When we schedule a job (just a rabbitmq message), we will create a listener for job completed message and close the connection when last job completed message handled. This listener will be declare as a temporary queue with above RMQ args. When the amount of job will get to 100,000 - 200,000, maybe more. It will causes RMQ connection close and auto-delete queue frequently. In this situation, calling CacheManager will get timeout error which makes these queue crashed down and restarted. Then these temporary queue without consumer will exists in RMQ and message accumulated.

We're sure that our application on temporary queue is not right. But when we disable message-deduplication plugin, RMQ will work normally and no temporary queue will be crashed down.

noxdafox commented 1 year ago

I tried to reproduce the problem with the provided queue parameters and I could not.

I also tried to brute-force a node with lots of queues created, filled up and destroyed. I did not observe any issue.

I think that the reason why CacheManager.destroy is timing out is due to the fact that it hangs when trying to interface with Mnesia. This usually indicates that there is a problem with Mnesia DB itself.

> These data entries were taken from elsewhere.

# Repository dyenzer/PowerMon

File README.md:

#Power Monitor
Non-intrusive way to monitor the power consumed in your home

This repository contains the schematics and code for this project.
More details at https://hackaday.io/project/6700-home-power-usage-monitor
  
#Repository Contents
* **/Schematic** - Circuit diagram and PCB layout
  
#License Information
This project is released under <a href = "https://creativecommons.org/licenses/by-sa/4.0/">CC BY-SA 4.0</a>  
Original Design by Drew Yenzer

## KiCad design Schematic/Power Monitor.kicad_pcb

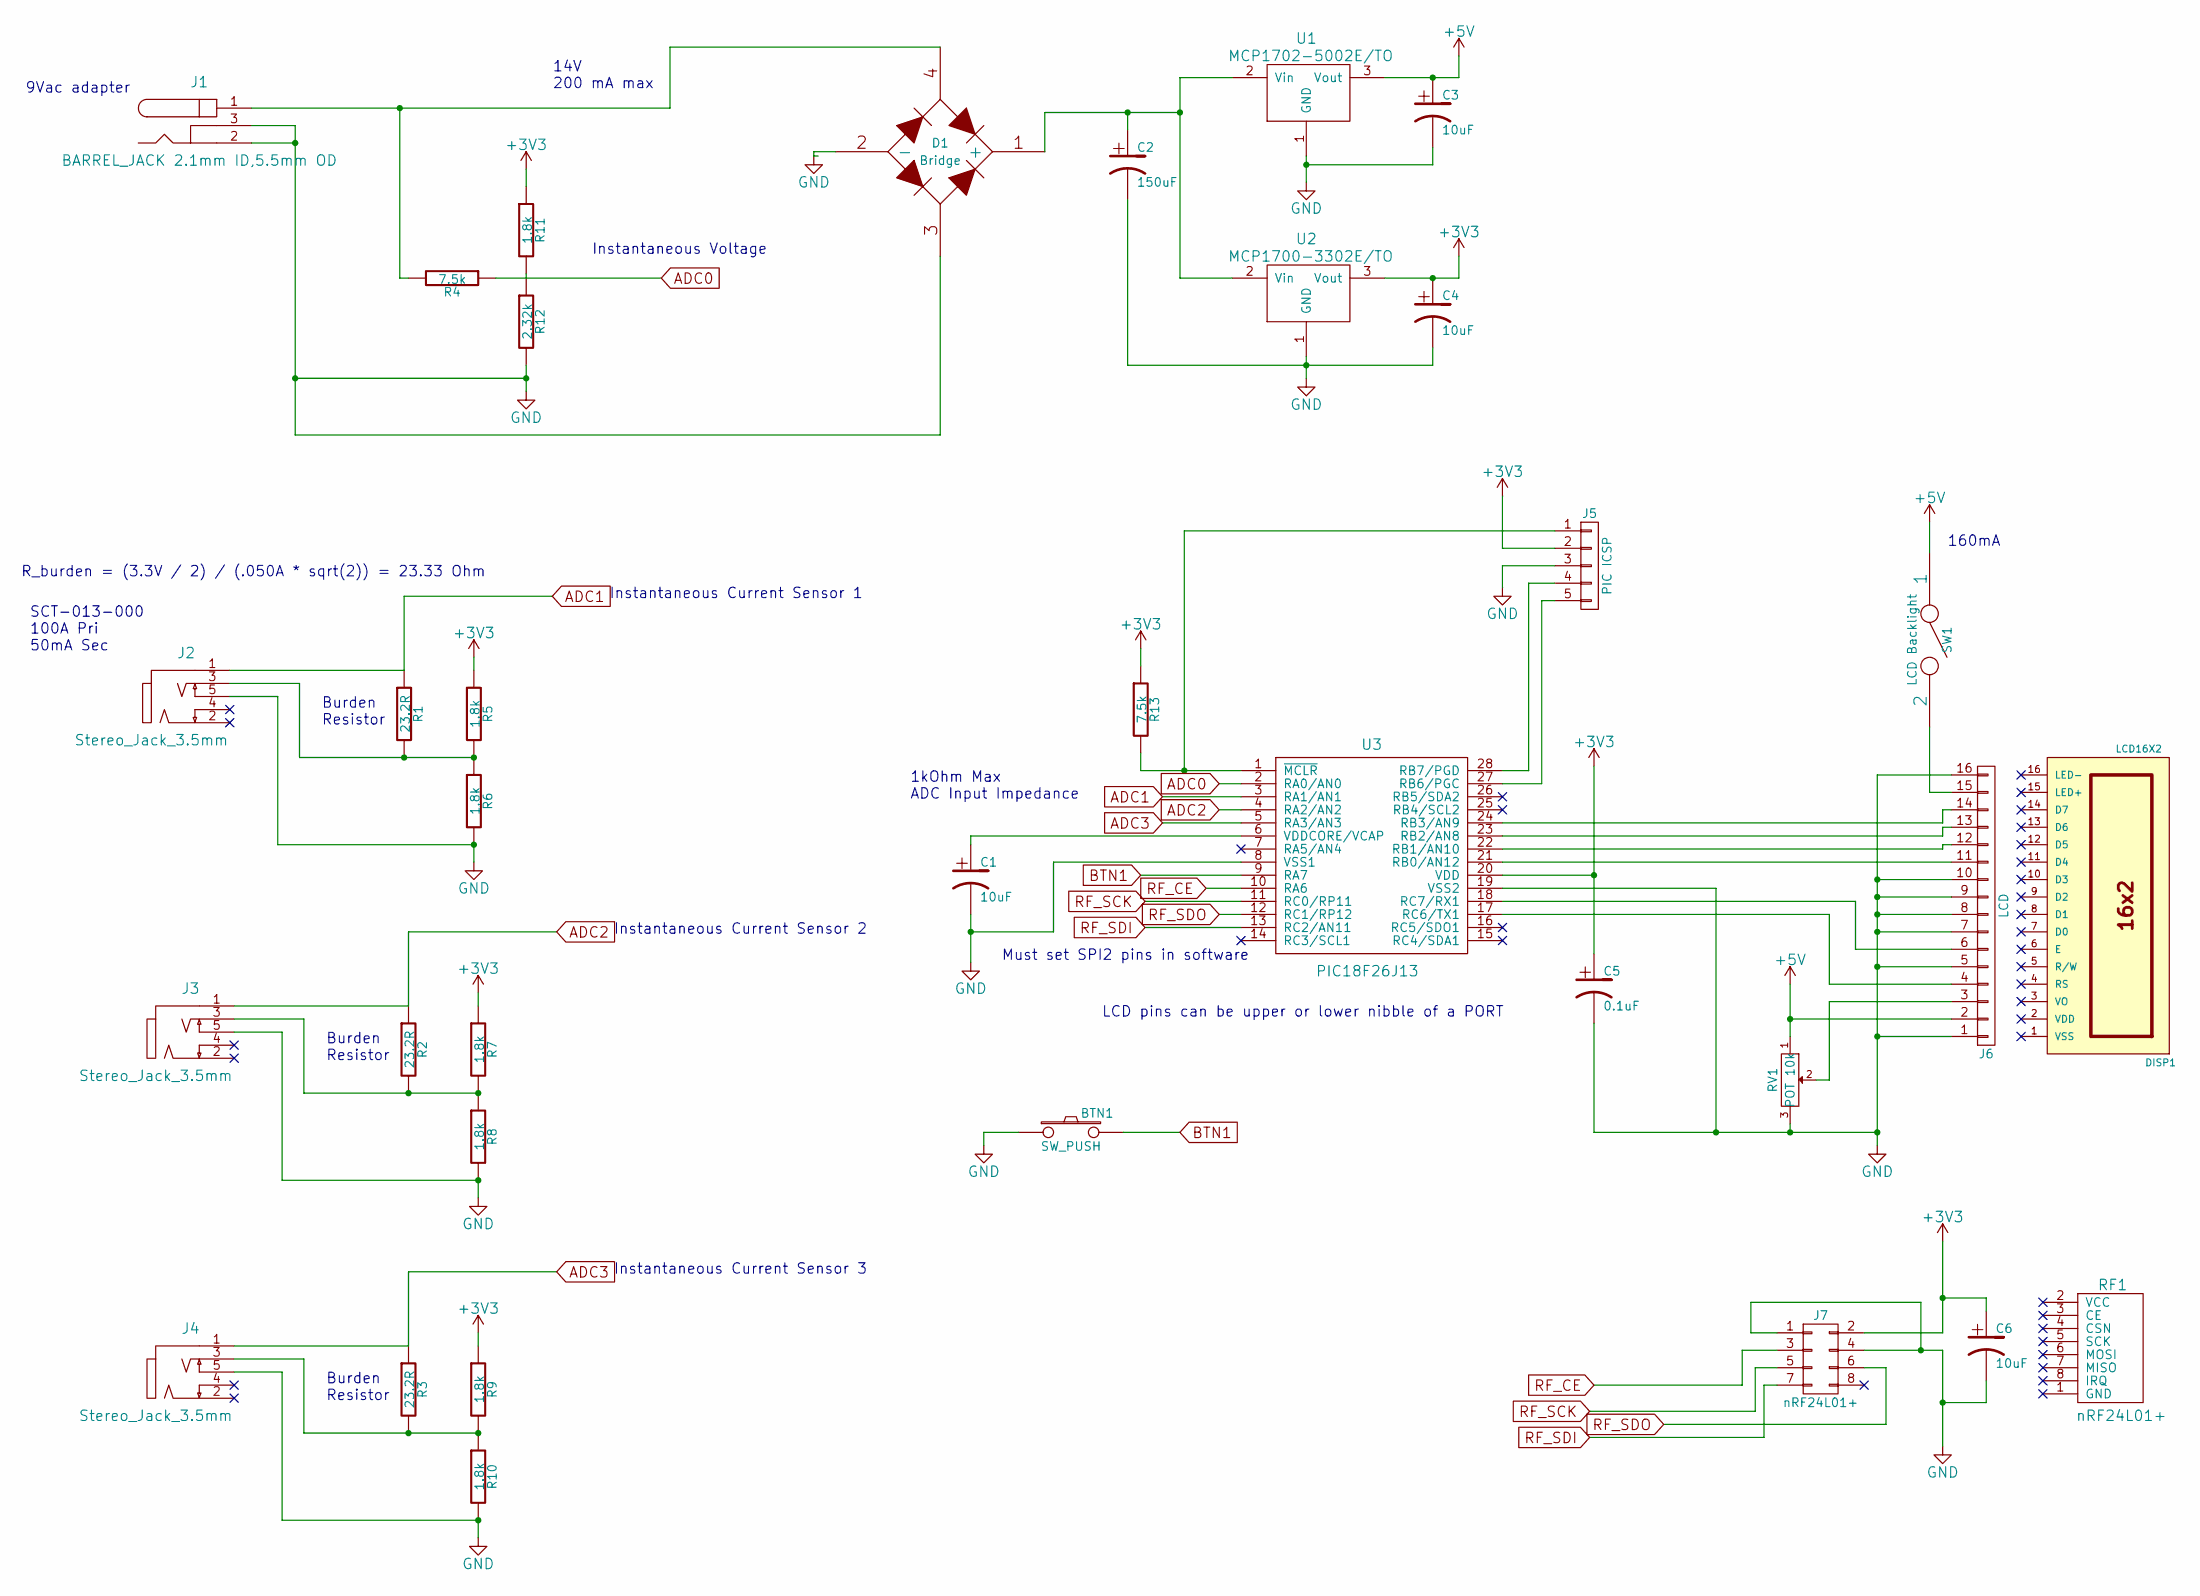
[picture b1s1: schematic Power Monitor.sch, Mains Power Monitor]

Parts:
BTN1: SW_PUSH; Pin_Header_Straight_1x02
C1, C3, C4, C6: 10uF; Capacitor3MMDiscRM2.5
C2: 150uF; Elko_vert_11.2x6.3mm_RM2.5
C5: 0.1uF; Capacitor3MMDiscRM2.5
D1: Bridge; Rectifier_SMT_TO-269AA
DISP1: LCD16X2; Dummy_Empty
J1: BARREL_JACK 2.1mm ID,5.5mm OD; Pin_Header_Straight_1x03
J2, J3, J4: Stereo_Jack_3.5mm; Stereo_Jack_3.5mm_2switch
J5: PIC ICSP; Pin_Header_Straight_1x05
J6: LCD; Conn_IDC_Header_TH_16pin
J7: nRF24L01+; Pin_Header_Straight_2x04
R1, R2, R3: 23.2R; R3
R4, R13: 7.5k; R2
R5, R6, R7, R8, R9, R10, R11: 1.8k; R2
R12: 2.32k; R2
RF1: nRF24L01+; Dummy_Empty
RV1: POT 10k; Potentiometer_Copal_CT-6EP
SW1: LCD Backlight; Pin_Header_Straight_1x02
U1: MCP1702-5002E/TO; TO-92-Free-inline-narrow-oval
U2: MCP1700-3302E/TO; TO-92-Free-inline-narrow-oval
U3: PIC18F26J13; SOIC-28_7.5x17.9mm_Pitch1.27mm

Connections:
+3V3: C4.1, C5.1, C6.1, J5.2, J7.2, R5.1, R7.1, R9.1, R11.1, R13.1, U2.3 (Vout), U3.20 (VDD)
+5V: C3.1, J6.2, RV1.1, SW1.1, U1.3 (Vout)
ADC0: R4.1, U3.2 (RA0/AN0)
ADC1: J2.1, R1.1, U3.3 (RA1/AN1)
ADC2: J3.1, R2.1, U3.4 (RA2/AN2)
ADC3: J4.1, R3.1, U3.5 (RA3/AN3)
BTN1: BTN1.2, U3.9 (RA7)
GND: BTN1.1, C1.2, C2.2, C3.2, C4.2, C5.2, C6.2, D1.2 (-), D1.3, J1.2, J1.3, J2.5, J3.5, J4.5, J5.3, J6.1, J6.5, J6.7, J6.8, J6.9, J6.10, J6.16, J7.1, J7.4, R6.2, R8.2, R10.2, R12.2, RV1.3, U1.1 (GND), U2.1 (GND), U3.8 (VSS1), U3.19 (VSS2)
unnamed: C1.1, U3.6 (VDDCORE/VCAP)
unnamed: C2.1, D1.1 (+), U1.2 (Vin), U2.2 (Vin)
unnamed: D1.4, J1.1, R4.2
unnamed: J2.3, R1.2, R5.2, R6.1
unnamed: J3.3, R2.2, R7.2, R8.1
unnamed: J4.3, R3.2, R9.2, R10.1
unnamed: J5.1, R13.2, U3.1 (~MCLR)
unnamed: J5.4, U3.28 (RB7/PGD)
unnamed: J5.5, U3.27 (RB6/PGC)
unnamed: J6.3, RV1.2
unnamed: J6.4, U3.17 (RC6/TX1)
unnamed: J6.6, U3.18 (RC7/RX1)
unnamed: J6.11, U3.21 (RB0/AN12)
unnamed: J6.12, U3.22 (RB1/AN10)
unnamed: J6.13, U3.23 (RB2/AN8)
unnamed: J6.14, U3.24 (RB3/AN9)
unnamed: J6.15, SW1.2
unnamed: R11.2, R12.1
RF_CE: J7.3, U3.10 (RA6)
RF_SCK: J7.5, U3.11 (RC0/RP11)
RF_SDI: J7.7, U3.13 (RC2/AN11)
RF_SDO: J7.6, U3.12 (RC1/RP12)

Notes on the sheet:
Burden Resistor
SCT-013-000 100A Pri 50mA Sec
R_burden = (3.3V / 2) / (.050A * sqrt(2)) = 23.33 Ohm
Must set SPI2 pins in software
LCD pins can be upper or lower nibble of a PORT
Instantaneous Voltage
Instantaneous Current Sensor 1
Instantaneous Current Sensor 2
Instantaneous Current Sensor 3
9Vac adapter
14V 200 mA max
160mA
1kOhm Max ADC Input Impedance

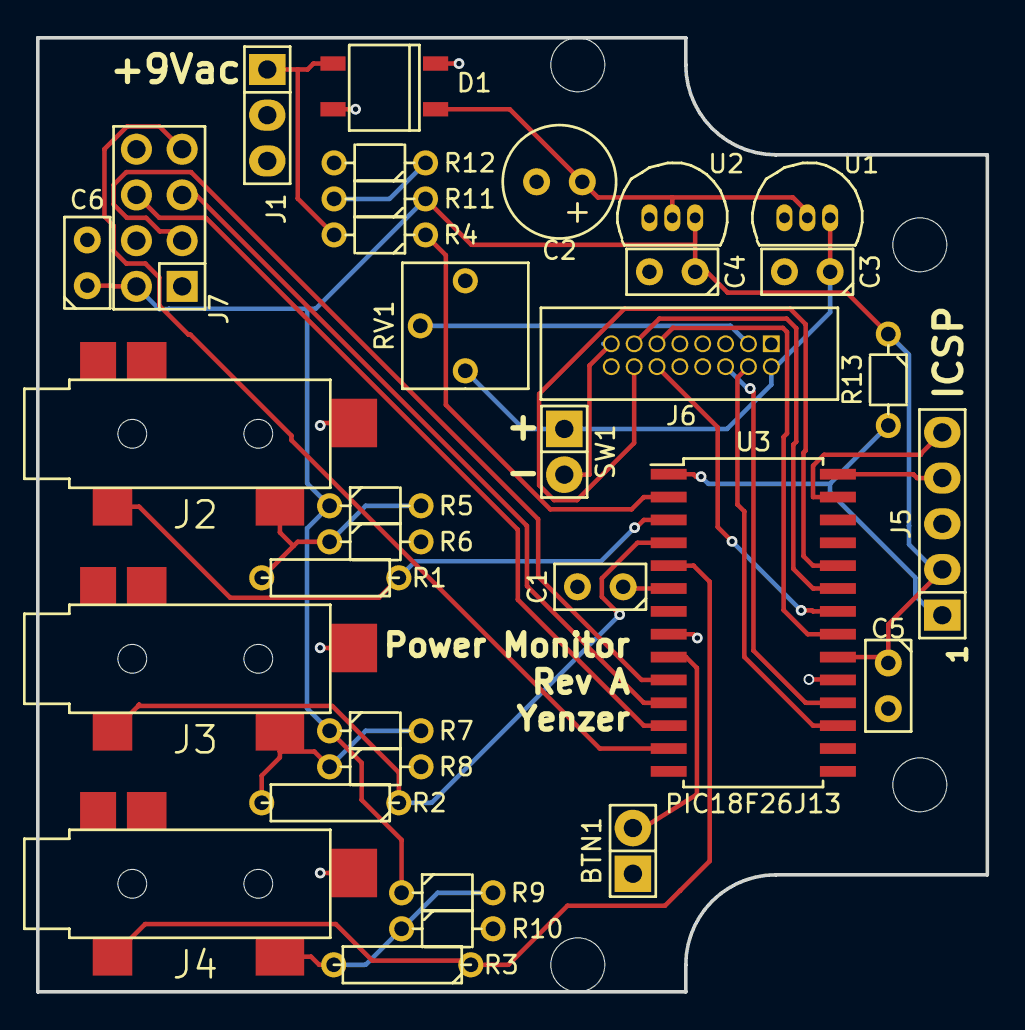
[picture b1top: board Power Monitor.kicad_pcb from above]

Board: 2 copper layers, 52.8 x 53.0 mm, 37 parts (0 on the bottom side), 30 nets.

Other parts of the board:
MountingHole1, MountingHole2, MountingHole3, MountingHole4: VAL**; MountingHole_3mm

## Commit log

2015-07-11 :lollipop: Added .gitattributes
2015-07-12 Initial add
2015-07-12 Modified format

Mostly due to an ongoing or an unresolved network partition.

Did you suffer from network partitions recently? Some node went down with a crash? Some node was replaced? Have you tried restarting the whole cluster?

https://www.rabbitmq.com/partitions.html

OliverLiangx commented 1 year ago

We only deploy one node for RMQ. Therefore I think it's not related to network partitions. We got lots of error logs:"2022-11-04 17:50:19.457 [error] <0.24860.381> closing AMQP connection <0.24860.381> (ip:12321 -> ip:5672):" which show no any causes. And we are trying to figure out why this problems happen first. Thanks for your patience on helping me on this. We will try to fix this problem and once we made it, we will try message-deduplication plugin again to see if problem is fixed.